Кто-то молча берет меня под руку. Кто-то шепчет: «Редкий случай…» Участливо-встревоженные лица…
Так было, когда кто-то из наших умудрился подцепить почти забытую болезнь со свирепым названием «грипп» — и тогда к нам съехался весь цвет городской медицины…
— Григорий, хоть ты объясни мне, в чем дело, с цветами этими?
— А, пустяки. Это нам геноботаники подарили. Вывели цветок-индикатор, восприимчивый к биотокам человека. Реагирует на разные отклонения от нормы в сфере психики…
— Похоже, что у меня это отклонение посерьезней, чем у Пизанской башни?
— Это уж ты мне расскажи, что тебя сюда привело…
Гоша научился уклоняться от прямого ответа. Это ново. Комплекцией посолиднел. Лба тоже прибавилось — за счет кудрей. Видно, здорово закрутился человек, если не может выбраться к косметологам. Но главное изменился взгляд. Прежде пылающий — немедленно действовать! — теперь сосредоточенный, чуточку усталый, внимательный — и вдруг уходящий от тебя: в мысль.
— Расскажи сначала о себе, Гоша. Как ты — доволен?
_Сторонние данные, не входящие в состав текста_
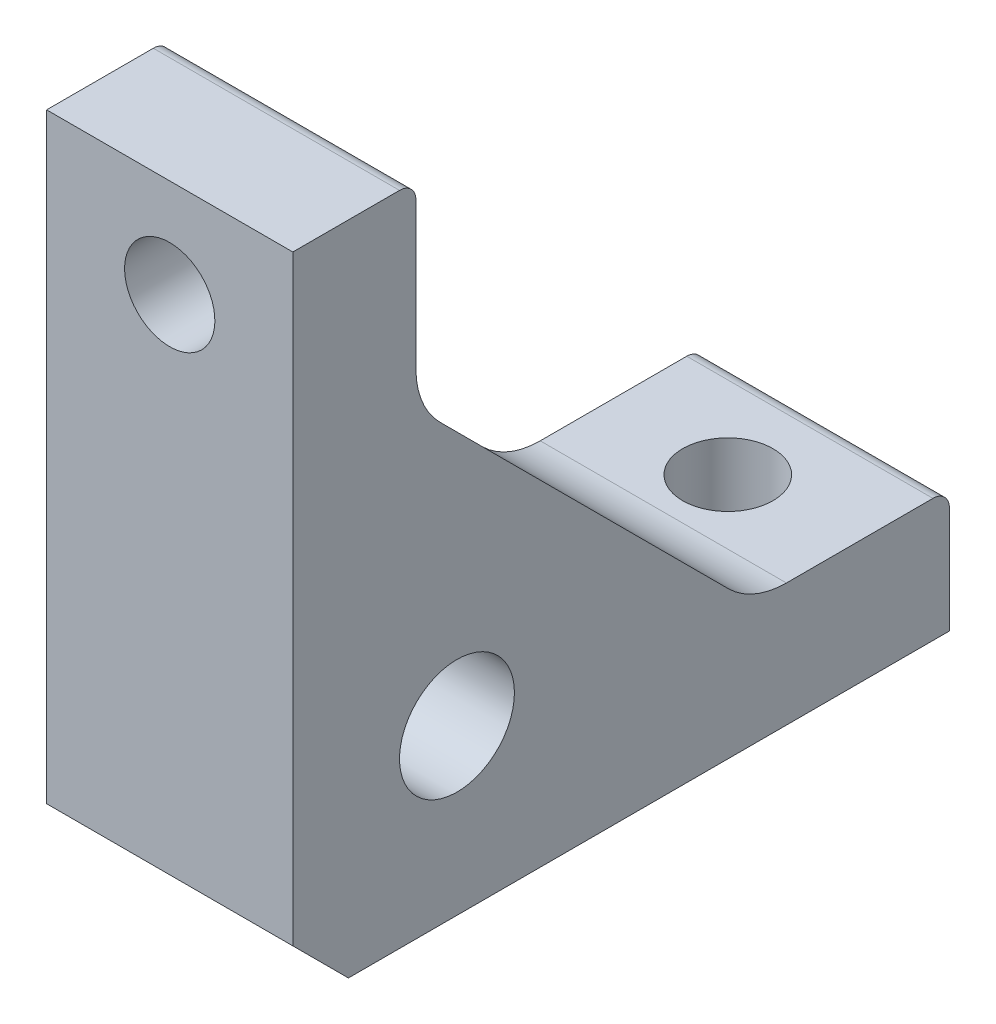
from build123d import *

# Parameters (mm, degrees)
SKETCH2_R           = 3.5
BOSS_EXTRUDE1_DEPTH = 15
SKETCH3_R           = 2.75
CUT_EXTRUDE1_DEPTH  = 15
SKETCH4_R           = 2.75
CUT_EXTRUDE2_DEPTH  = 15
FILLET1_R           = 5
FILLET2_R           = 1


with BuildPart() as part:
    # Sketch2 → Boss-Extrude1 (new body)
    with BuildSketch(Plane(origin=(0, 0, 0), x_dir=(0, 0, -1), z_dir=(1, 0, 0))):
        Polygon((0, 3.386529676), (0, 40), (7.5, 40), (7.5, 28), (28, 7.5), (40, 7.5), (40, 0), (3.386529676, 0), align=None)
        with Locations((10, 10)):
            Circle(SKETCH2_R, mode=Mode.SUBTRACT)
    extrude(amount=BOSS_EXTRUDE1_DEPTH)

    # Sketch3 → Cut-Extrude1 (cut)
    with BuildSketch(Plane(origin=(0, 7.5, 0), x_dir=(1, 0, 0), z_dir=(0, 1, 0))):
        with Locations(Location((7.5, 34, 0), (0, 0, 270))):
            Circle(SKETCH3_R)
    extrude(amount=-CUT_EXTRUDE1_DEPTH, mode=Mode.SUBTRACT)

    # Sketch4 → Cut-Extrude2 (cut)
    with BuildSketch(Plane(origin=(0, 0, -7.5), x_dir=(-1, 0, 0), z_dir=(0, 0, -1))):
        with Locations(Location((-7.5, 34, 0), (0, 0, 90))):
            Circle(SKETCH4_R)
    extrude(amount=-CUT_EXTRUDE2_DEPTH, mode=Mode.SUBTRACT)

    # Fillet1
    fillet1_edges = [part.edges().sort_by_distance(p)[0] for p in [
        (7.5, 28, -7.5),
        (7.5, 7.5, -28),
    ]]
    fillet(fillet1_edges, radius=FILLET1_R)

    # Fillet2
    fillet2_edges = [part.edges().sort_by_distance(p)[0] for p in [
        (7.5, 40, -7.5),
        (7.5, 7.5, -40),
    ]]
    fillet(fillet2_edges, radius=FILLET2_R)


solid = part.part

Руководитель Института Счастья — звучит?
— Прости, но это звучит обывательски… «Счастье в коробочке» — может, еще и голубой ленточкой обвязать? Знаешь, вопросы управления психическими процессами оказались куда сложней, чем думалось. Гораздо лучше, когда человек справляется со своей бедой сам, за счет внутренних резервов…
— Ну, утешил…
— Тебе очень плохо?
— Очень.
— Причины?
Это выговорить очень трудно.
— Несчастная любовь.
— Да… — Гоша смущен еще больше, чем я. — Такая девушка… Знаешь, я сам был в тебя почти влюблен. Но — случается. Наша теория — несовпадение тэта-ритмов… ну, это еще надо проверить. Если рассудить, так ведь этого не должно быть, правда? Что в наше время может помешать любви? Сметены все преграды — социальные, религиозные, расовые. Нет, наконец, красивых и некрасивых — за этим следят спорт, косметология… И все-таки — несчастная любовь. Типичный анахронизм в эмоциональной сфере, самой консервативной изо всех психических сфер.